Improving Deep Label Noise Learning with Dual Active Label Correction
Shao-Yuan Li (Nanjing University of Aeronautics and Astronautics)*; Ye Shi (Nanjing University of Aeronautics and Astronautics); Sheng-Jun Huang (Nanjing University of Aeronautics and Astronautics); Songcan Chen (Nanjing University of Aeronautics and Astronautics)
Abstract
Label noise is now a common problem in many applications, which
may lead to significant learning performance degeneration. To deal with the label
noise, Active Label Correction (ALC) was proposed to query the true labels for
a small subset of instances. As the true labels costs can be high, the focus of
ALC is to maximally improve the learning performance with minimal query costs.
Existing ALC methods mainly proceed by querying the most likely mislabeled
instances, or using criteria derived from standard active learning. In this paper,
we focus on deep neural network (dnn) models and show that due to their intrinsic
memorization effect, the true labels of a large proportion of mislabeled instances
can be correctly predicted with early stopped training, even under severe noise.
Inspired by this, we propose to train deep label noise learning models robustly with
dual ALC (DALC): on one hand, we select the most useful instances for classifier
improvement and query their true labels from external experts; on the other hand,
due to the active data sampling bias, the label noise model estimation can be highly biased, which may in turn hurt the classifier learning.

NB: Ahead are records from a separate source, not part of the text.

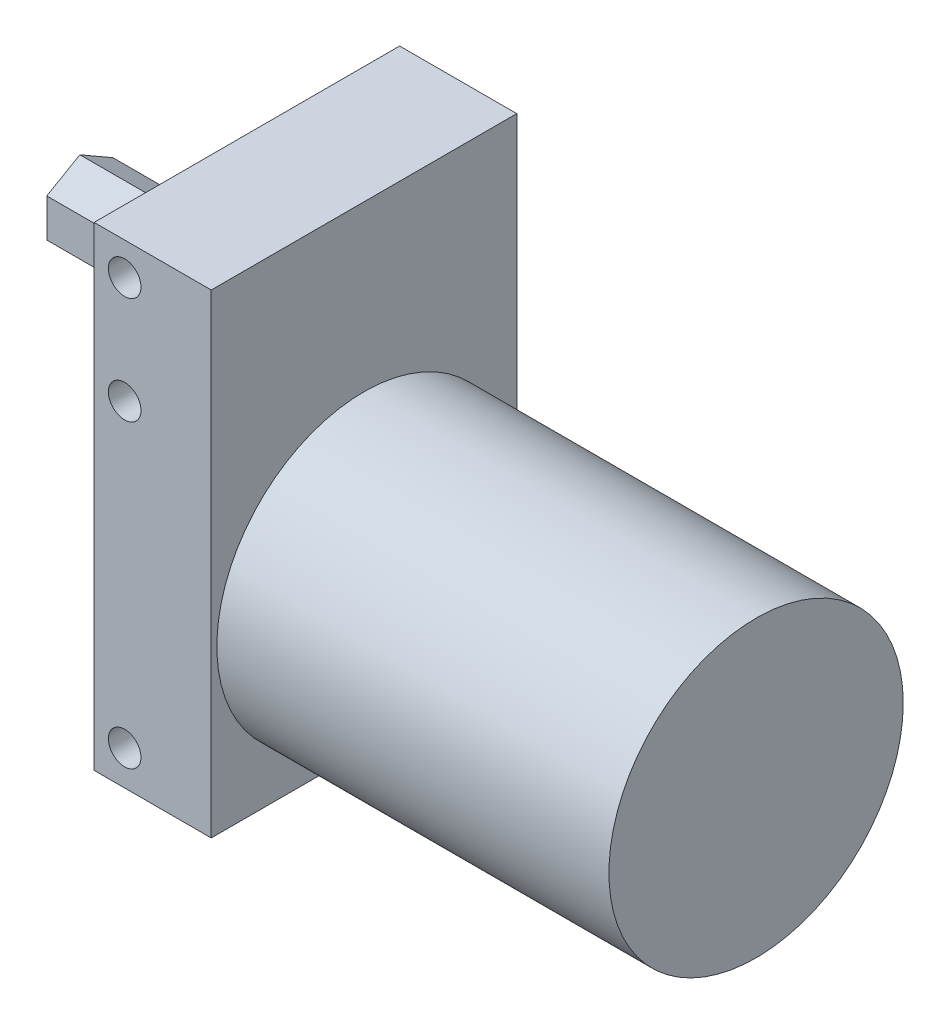
ISO-10303-21;
HEADER;
FILE_DESCRIPTION(('STEP AP214'),'2;1');
FILE_NAME('part.step','',(''),(''),'','','');
FILE_SCHEMA(('AUTOMOTIVE_DESIGN { 1 0 10303 214 1 1 1 1 }'));
ENDSEC;
DATA;
#1=APPLICATION_CONTEXT('core data for automotive mechanical design processes');
#2=APPLICATION_PROTOCOL_DEFINITION('international standard','automotive_design',2000,#1);
#3=PRODUCT_CONTEXT('',#1,'mechanical');
#4=PRODUCT('Part','Part','',(#3));
#5=PRODUCT_RELATED_PRODUCT_CATEGORY('part','',(#4));
#6=PRODUCT_DEFINITION_FORMATION('','',#4);
#7=PRODUCT_DEFINITION_CONTEXT('part definition',#1,'design');
#8=PRODUCT_DEFINITION('design','',#6,#7);
#9=PRODUCT_DEFINITION_SHAPE('','',#8);
#10=(LENGTH_UNIT() NAMED_UNIT(*) SI_UNIT(.MILLI.,.METRE.));
#11=(NAMED_UNIT(*) PLANE_ANGLE_UNIT() SI_UNIT($,.RADIAN.));
#12=(NAMED_UNIT(*) SI_UNIT($,.STERADIAN.) SOLID_ANGLE_UNIT());
#13=UNCERTAINTY_MEASURE_WITH_UNIT(LENGTH_MEASURE(1.E-05),#10,'distance_accuracy_value','');
#14=(GEOMETRIC_REPRESENTATION_CONTEXT(3) GLOBAL_UNCERTAINTY_ASSIGNED_CONTEXT((#13)) GLOBAL_UNIT_ASSIGNED_CONTEXT((#10,
#11,#12)) REPRESENTATION_CONTEXT('',''));
#15=CARTESIAN_POINT('',(0.,0.,0.));
#16=DIRECTION('',(0.,0.,1.));
#17=DIRECTION('',(1.,0.,0.));
#18=AXIS2_PLACEMENT_3D('',#15,#16,#17);
#19=CARTESIAN_POINT('',(-16.4,32.9,-15.));
#20=DIRECTION('',(1.,0.,0.));
#21=DIRECTION('',(0.,0.,-1.));
#22=AXIS2_PLACEMENT_3D('',#19,#20,#21);
#23=CYLINDRICAL_SURFACE('',#22,1.6);
#24=CARTESIAN_POINT('',(-16.4,32.9,-15.));
#25=DIRECTION('',(1.,0.,0.));
#26=DIRECTION('',(0.,0.,-1.));
#27=AXIS2_PLACEMENT_3D('',#24,#25,#26);
#28=CIRCLE('',#27,1.6);
#29=CARTESIAN_POINT('',(-16.4,32.9,-16.6));
#30=VERTEX_POINT('',#29);
#31=EDGE_CURVE('E154',#30,#30,#28,.T.);
#32=ORIENTED_EDGE('',*,*,#31,.F.);
#33=EDGE_LOOP('',(#32));
#34=FACE_BOUND('',#33,.T.);
#35=CARTESIAN_POINT('',(-10.4,32.9,-15.));
#36=DIRECTION('',(1.,0.,0.));
#37=DIRECTION('',(0.,0.,-1.));
#38=AXIS2_PLACEMENT_3D('',#35,#36,#37);
#39=CIRCLE('',#38,1.6);
#40=CARTESIAN_POINT('',(-10.4,32.9,-16.6));
#41=VERTEX_POINT('',#40);
#42=EDGE_CURVE('E47',#41,#41,#39,.F.);
#43=ORIENTED_EDGE('',*,*,#42,.F.);
#44=EDGE_LOOP('',(#43));
#45=FACE_BOUND('',#44,.T.);
#46=ADVANCED_FACE('F43',(#34,#45),#23,.F.);
#47=CARTESIAN_POINT('',(11.5,0.,0.));
#48=DIRECTION('',(0.,1.,0.));
#49=DIRECTION('',(0.,0.,1.));
#50=AXIS2_PLACEMENT_3D('',#47,#48,#49);
#51=PLANE('',#50);
#52=DIRECTION('',(0.,0.,-1.));
#53=VECTOR('',#52,1.);
#54=CARTESIAN_POINT('',(0.,0.,0.));
#55=LINE('',#54,#53);
#56=CARTESIAN_POINT('',(0.,0.,0.));
#57=VERTEX_POINT('',#56);
#58=CARTESIAN_POINT('',(0.,0.,-30.));
#59=VERTEX_POINT('',#58);
#60=EDGE_CURVE('E198',#57,#59,#55,.T.);
#61=ORIENTED_EDGE('',*,*,#60,.T.);
#62=DIRECTION('',(-1.,0.,0.));
#63=VECTOR('',#62,1.);
#64=CARTESIAN_POINT('',(11.5,0.,-30.));
#65=LINE('',#64,#63);
#66=CARTESIAN_POINT('',(11.5,0.,-30.));
#67=VERTEX_POINT('',#66);
#68=EDGE_CURVE('E222',#67,#59,#65,.T.);
#69=ORIENTED_EDGE('',*,*,#68,.F.);
#70=DIRECTION('',(0.,0.,-1.));
#71=VECTOR('',#70,1.);
#72=CARTESIAN_POINT('',(11.5,0.,0.));
#73=LINE('',#72,#71);
#74=CARTESIAN_POINT('',(11.5,0.,0.));
#75=VERTEX_POINT('',#74);
#76=EDGE_CURVE('E201',#75,#67,#73,.T.);
#77=ORIENTED_EDGE('',*,*,#76,.F.);
#78=DIRECTION('',(-1.,0.,0.));
#79=VECTOR('',#78,1.);
#80=CARTESIAN_POINT('',(11.5,0.,0.));
#81=LINE('',#80,#79);
#82=EDGE_CURVE('E61',#75,#57,#81,.T.);
#83=ORIENTED_EDGE('',*,*,#82,.T.);
#84=EDGE_LOOP('',(#61,#69,#77,#83));
#85=FACE_BOUND('',#84,.T.);
#86=ADVANCED_FACE('F45',(#85),#51,.F.);
#87=CARTESIAN_POINT('',(11.5,0.,-30.));
#88=DIRECTION('',(0.,0.,1.));
#89=DIRECTION('',(1.,0.,0.));
#90=AXIS2_PLACEMENT_3D('',#87,#88,#89);
#91=PLANE('',#90);
#92=CARTESIAN_POINT('',(3.2,43.4,-30.));
#93=DIRECTION('',(0.,0.,-1.));
#94=DIRECTION('',(-1.,0.,0.));
#95=AXIS2_PLACEMENT_3D('',#92,#93,#94);
#96=CIRCLE('',#95,1.6);
#97=CARTESIAN_POINT('',(1.6,43.4,-30.));
#98=VERTEX_POINT('',#97);
#99=EDGE_CURVE('E274',#98,#98,#96,.T.);
#100=ORIENTED_EDGE('',*,*,#99,.F.);
#101=EDGE_LOOP('',(#100));
#102=FACE_BOUND('',#101,.T.);
#103=CARTESIAN_POINT('',(3.2,32.9,-30.));
#104=DIRECTION('',(0.,0.,-1.));
#105=DIRECTION('',(-1.,0.,0.));
#106=AXIS2_PLACEMENT_3D('',#103,#104,#105);
#107=CIRCLE('',#106,1.6);
#108=CARTESIAN_POINT('',(1.6,32.9,-30.));
#109=VERTEX_POINT('',#108);
#110=EDGE_CURVE('E278',#109,#109,#107,.T.);
#111=ORIENTED_EDGE('',*,*,#110,.F.);
#112=EDGE_LOOP('',(#111));
#113=FACE_BOUND('',#112,.T.);
#114=CARTESIAN_POINT('',(3.2,3.4,-30.));
#115=DIRECTION('',(0.,0.,-1.));
#116=DIRECTION('',(-1.,0.,0.));
#117=AXIS2_PLACEMENT_3D('',#114,#115,#116);
#118=CIRCLE('',#117,1.6);
#119=CARTESIAN_POINT('',(1.6,3.4,-30.));
#120=VERTEX_POINT('',#119);
#121=EDGE_CURVE('E281',#120,#120,#118,.T.);
#122=ORIENTED_EDGE('',*,*,#121,.F.);
#123=EDGE_LOOP('',(#122));
#124=FACE_BOUND('',#123,.T.);
#125=DIRECTION('',(0.,1.,0.));
#126=VECTOR('',#125,1.);
#127=CARTESIAN_POINT('',(0.,0.,-30.));
#128=LINE('',#127,#126);
#129=CARTESIAN_POINT('',(0.,46.6,-30.));
#130=VERTEX_POINT('',#129);
#131=EDGE_CURVE('E211',#59,#130,#128,.T.);
#132=ORIENTED_EDGE('',*,*,#131,.T.);
#133=DIRECTION('',(-1.,0.,0.));
#134=VECTOR('',#133,1.);
#135=CARTESIAN_POINT('',(11.5,46.6,-30.));
#136=LINE('',#135,#134);
#137=CARTESIAN_POINT('',(11.5,46.6,-30.));
#138=VERTEX_POINT('',#137);
#139=EDGE_CURVE('E221',#138,#130,#136,.T.);
#140=ORIENTED_EDGE('',*,*,#139,.F.);
#141=DIRECTION('',(0.,1.,0.));
#142=VECTOR('',#141,1.);
#143=CARTESIAN_POINT('',(11.5,0.,-30.));
#144=LINE('',#143,#142);
#145=EDGE_CURVE('E88',#67,#138,#144,.T.);
#146=ORIENTED_EDGE('',*,*,#145,.F.);
#147=ORIENTED_EDGE('',*,*,#68,.T.);
#148=EDGE_LOOP('',(#132,#140,#146,#147));
#149=FACE_BOUND('',#148,.T.);
#150=ADVANCED_FACE('F237',(#102,#113,#124,#149),#91,.F.);
#151=CARTESIAN_POINT('',(11.5,46.6,0.));
#152=DIRECTION('',(0.,1.,0.));
#153=DIRECTION('',(0.,0.,1.));
#154=AXIS2_PLACEMENT_3D('',#151,#152,#153);
#155=PLANE('',#154);
#156=DIRECTION('',(0.,0.,-1.));
#157=VECTOR('',#156,1.);
#158=CARTESIAN_POINT('',(0.,46.6,0.));
#159=LINE('',#158,#157);
#160=CARTESIAN_POINT('',(0.,46.6,0.));
#161=VERTEX_POINT('',#160);
#162=EDGE_CURVE('E214',#161,#130,#159,.T.);
#163=ORIENTED_EDGE('',*,*,#162,.F.);
#164=DIRECTION('',(-1.,0.,0.));
#165=VECTOR('',#164,1.);
#166=CARTESIAN_POINT('',(11.5,46.6,0.));
#167=LINE('',#166,#165);
#168=CARTESIAN_POINT('',(11.5,46.6,0.));
#169=VERTEX_POINT('',#168);
#170=EDGE_CURVE('E76',#169,#161,#167,.T.);
#171=ORIENTED_EDGE('',*,*,#170,.F.);
#172=DIRECTION('',(0.,0.,-1.));
#173=VECTOR('',#172,1.);
#174=CARTESIAN_POINT('',(11.5,46.6,0.));
#175=LINE('',#174,#173);
#176=EDGE_CURVE('E205',#169,#138,#175,.T.);
#177=ORIENTED_EDGE('',*,*,#176,.T.);
#178=ORIENTED_EDGE('',*,*,#139,.T.);
#179=EDGE_LOOP('',(#163,#171,#177,#178));
#180=FACE_BOUND('',#179,.T.);
#181=ADVANCED_FACE('F261',(#180),#155,.T.);
#182=CARTESIAN_POINT('',(11.5,0.,0.));
#183=DIRECTION('',(0.,0.,1.));
#184=DIRECTION('',(1.,0.,0.));
#185=AXIS2_PLACEMENT_3D('',#182,#183,#184);
#186=PLANE('',#185);
#187=CARTESIAN_POINT('',(3.,43.4,0.));
#188=DIRECTION('',(0.,0.,1.));
#189=DIRECTION('',(1.,0.,0.));
#190=AXIS2_PLACEMENT_3D('',#187,#188,#189);
#191=CIRCLE('',#190,1.6);
#192=CARTESIAN_POINT('',(4.6,43.4,0.));
#193=VERTEX_POINT('',#192);
#194=EDGE_CURVE('E299',#193,#193,#191,.T.);
#195=ORIENTED_EDGE('',*,*,#194,.F.);
#196=EDGE_LOOP('',(#195));
#197=FACE_BOUND('',#196,.T.);
#198=CARTESIAN_POINT('',(3.,32.9,0.));
#199=DIRECTION('',(0.,0.,1.));
#200=DIRECTION('',(1.,0.,0.));
#201=AXIS2_PLACEMENT_3D('',#198,#199,#200);
#202=CIRCLE('',#201,1.6);
#203=CARTESIAN_POINT('',(4.6,32.9,0.));
#204=VERTEX_POINT('',#203);
#205=EDGE_CURVE('E302',#204,#204,#202,.T.);
#206=ORIENTED_EDGE('',*,*,#205,.F.);
#207=EDGE_LOOP('',(#206));
#208=FACE_BOUND('',#207,.T.);
#209=CARTESIAN_POINT('',(3.,3.4,0.));
#210=DIRECTION('',(0.,0.,1.));
#211=DIRECTION('',(1.,0.,0.));
#212=AXIS2_PLACEMENT_3D('',#209,#210,#211);
#213=CIRCLE('',#212,1.6);
#214=CARTESIAN_POINT('',(4.6,3.4,0.));
#215=VERTEX_POINT('',#214);
#216=EDGE_CURVE('E308',#215,#215,#213,.T.);
#217=ORIENTED_EDGE('',*,*,#216,.F.);
#218=EDGE_LOOP('',(#217));
#219=FACE_BOUND('',#218,.T.);
#220=DIRECTION('',(0.,1.,0.));
#221=VECTOR('',#220,1.);
#222=CARTESIAN_POINT('',(0.,0.,0.));
#223=LINE('',#222,#221);
#224=EDGE_CURVE('E203',#57,#161,#223,.T.);
#225=ORIENTED_EDGE('',*,*,#224,.F.);
#226=ORIENTED_EDGE('',*,*,#82,.F.);
#227=DIRECTION('',(0.,1.,0.));
#228=VECTOR('',#227,1.);
#229=CARTESIAN_POINT('',(11.5,0.,0.));
#230=LINE('',#229,#228);
#231=EDGE_CURVE('E208',#75,#169,#230,.T.);
#232=ORIENTED_EDGE('',*,*,#231,.T.);
#233=ORIENTED_EDGE('',*,*,#170,.T.);
#234=EDGE_LOOP('',(#225,#226,#232,#233));
#235=FACE_BOUND('',#234,.T.);
#236=ADVANCED_FACE('F254',(#197,#208,#219,#235),#186,.T.);
#237=CARTESIAN_POINT('',(11.5,0.,0.));
#238=DIRECTION('',(1.,0.,0.));
#239=DIRECTION('',(0.,0.,-1.));
#240=AXIS2_PLACEMENT_3D('',#237,#238,#239);
#241=PLANE('',#240);
#242=CARTESIAN_POINT('',(11.5,16.,-15.));
#243=DIRECTION('',(1.,0.,0.));
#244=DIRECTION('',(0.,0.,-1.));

To alleviate this issue, we propose to identify the instances that are most likely predicted with true labels
by the classifier, and take the predictions as their true labels. By integrating the
two sources of true labels, we experiment on multiple benchmark datasets with
various label noise rate and show the effectiveness of the proposed DALC on both
the classification accuracy and the label noise model estimation.